# Ohio Get together 2007



## Clapper&Company (Jan 4, 2005)

Ok guys, we are planing a get together for this year.

Jp and I were thinking maybe Mansfiled would be a good half-way point.


----------



## Young Pup (Aug 13, 2004)

Lets get this done guys. We have been yacking about it now we need ideas and a plan. Winter will be here soon and we will be kicking ourselves for not doing this.


----------



## Clapper&Company (Jan 4, 2005)

Im with Jp on this one, weve talked about it for ever lets get it done


----------



## RhinoL&L (Jan 2, 2007)

I agree with mansfield for a good halfway point. We need to get this going like JP said before the snow starts flying. Do we have a date? let me know and lets get this thing set up.
Shawn


----------



## Sydenstricker Landscaping (Dec 17, 2006)

Well I am in for Mansfield. Just if we are gonna get it done before the snow flies, I think it had best be within the next month. Im not sure what all is in Mansfield though. Just keep me posted


----------



## Clapper&Company (Jan 4, 2005)

Tom will do.

The worlds busiest micky D's is in mansfiled. There is also a bobevens


----------



## Clapper&Company (Jan 4, 2005)

I know theres a guy from mansfield on ps we need his help


----------



## clark lawn (Oct 7, 2005)

im in if we can do this with the next month and as long as there are so motels around.


----------



## Clapper&Company (Jan 4, 2005)

yea there's a motel there, clark where you from?


----------



## Sydenstricker Landscaping (Dec 17, 2006)

He is from Poland, Ohio


----------



## clark lawn (Oct 7, 2005)

yea im from Poland its is just outside of Youngstown between Boardman and the PA line


----------



## RhinoL&L (Jan 2, 2007)

so mansfield looks like it is a good location for everyone. Does anyone have any dates?
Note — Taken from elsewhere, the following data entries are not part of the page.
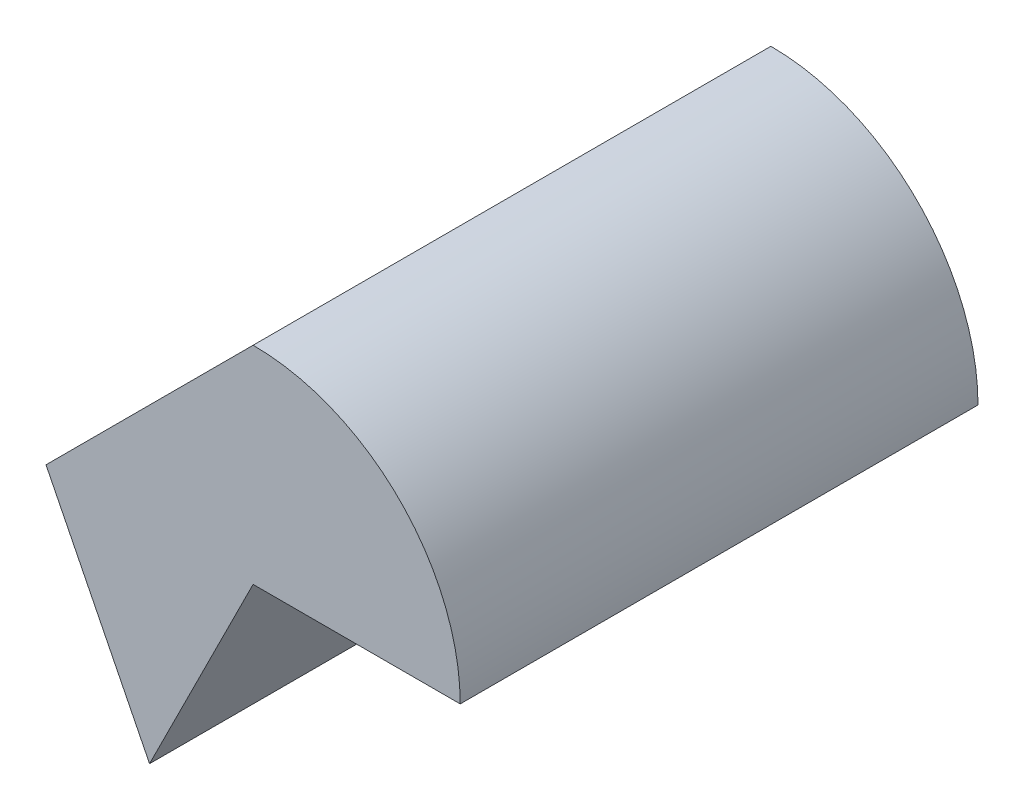
SolidWorks part; units mm, degrees
ref_plane "Front Plane" through (0, 0, 0) normal (0, 0, 1) x (1, 0, 0)
ref_plane "Top Plane" through (0, 0, 0) normal (0, 1, 0) x (1, 0, 0)
ref_plane "Right Plane" through (0, 0, 0) normal (1, 0, 0) x (0, 0, -1)
sketch "Sketch1" plane through (0, 0, 0) normal (0, 0, 1) x (1, 0, 0)
  line L0 (-10, 0) -> (0, 10)
  line L1 (0, 0) -> (10, 0)
  line L2 (0, 0) -> (-5, -10)
  line L3 (-5, -10) -> (-10, 0)
  arc A0 (0, 10) -> (10, 0) centre (0, 0) cw
  dimension "D1" = 10
  dimension "D2" = 10
  dimension "D3" = 10
  dimension "D4" = 10
  dimension "D5" = 10
  dimension "D6" = 5
extrude "Boss-Extrude1" add sketch "Sketch1" along normal blind 25
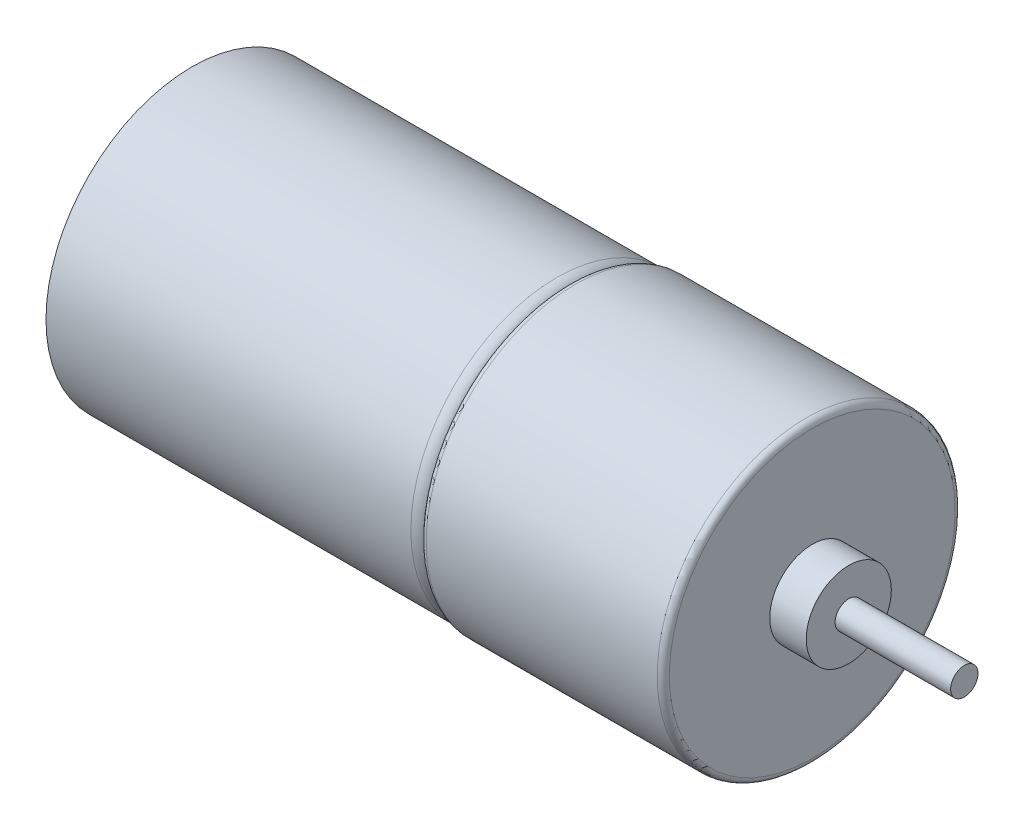
SolidWorks part; units mm, degrees
ref_plane "Front Plane" through (0, 0, 0) normal (0, 0, 1) x (1, 0, 0)
ref_plane "Top Plane" through (0, 0, 0) normal (0, 1, 0) x (1, 0, 0)
ref_plane "Right Plane" through (0, 0, 0) normal (1, 0, 0) x (0, 0, -1)
sketch "Sketch1" plane through (0, 0, 0) normal (1, 0, 0) x (0, 0, -1)
  circle A0 centre (0, 0) radius 12
  dimension "D1" = 24
extrude "Boss-Extrude1" add sketch "Sketch1" along normal blind 31
fillet "Fillet1" radius 1 1 edges at (31, 0, -12)
sketch "Sketch2" plane through (0, 0, 0) normal (-1, 0, 0) x (0, 0, 1)
  circle A2 centre (0, 0) radius 11.5
  circle A3 centre (0, 0) radius 11.5
  dimension "D1" = 0.5
extrude "Cut-Extrude1" cut sketch "Sketch2" against normal blind 1
sketch "Sketch3" plane through (31, 0, 0) normal (1, 0, 0) x (0, 0, -1)
  circle A0 centre (0, 0) radius 12.25
  dimension "D1" = 24.5
extrude "Boss-Extrude2" add sketch "Sketch3" along normal blind 20
fillet "Fillet2" radius 0.5 2 edges at (51, 0, -12.25) (31, 0, -12.25)
sketch "Sketch4" plane through (51, 0, 0) normal (1, 0, 0) x (0, 0, -1)
  circle A0 centre (0, 0) radius 3.5
  dimension "D1" = 7
extrude "Boss-Extrude3" add sketch "Sketch4" along normal blind 3
sketch "Sketch5" plane through (54, 0, 0) normal (1, 0, 0) x (0, 0, -1)
  circle A0 centre (0, 0) radius 1.1255
extrude "Boss-Extrude4" add sketch "Sketch5" along normal blind 9.5
sketch "Sketch6" plane through (1, 0, 0) normal (-1, 0, 0) x (0, 0, 1)
  point P0 (0, 0)

I can go on any weekend most likely. 

Shawn


----------



## Clapper&Company (Jan 4, 2005)

Not yet, we need to research it and find a good spot there.


----------



## bribrius (May 5, 2007)

so what is there to do in dayton ohio? i have to drive out there next week. not that i want to. one thousand miles. 15 hours. yuck.


----------



## clark lawn (Oct 7, 2005)

i was just looking at mansfield they have a brown derby roadhouse there. we used to have one here it had pretty good food.just a suggestion. November 10 might be a good day.


----------



## Clapper&Company (Jan 4, 2005)

That would work, they have good stake


----------



## JeepCreepn01 (Oct 31, 2005)

bribrius;418689 said:


> so what is there to do in dayton ohio? i have to drive out there next week. not that i want to. one thousand miles. 15 hours. yuck.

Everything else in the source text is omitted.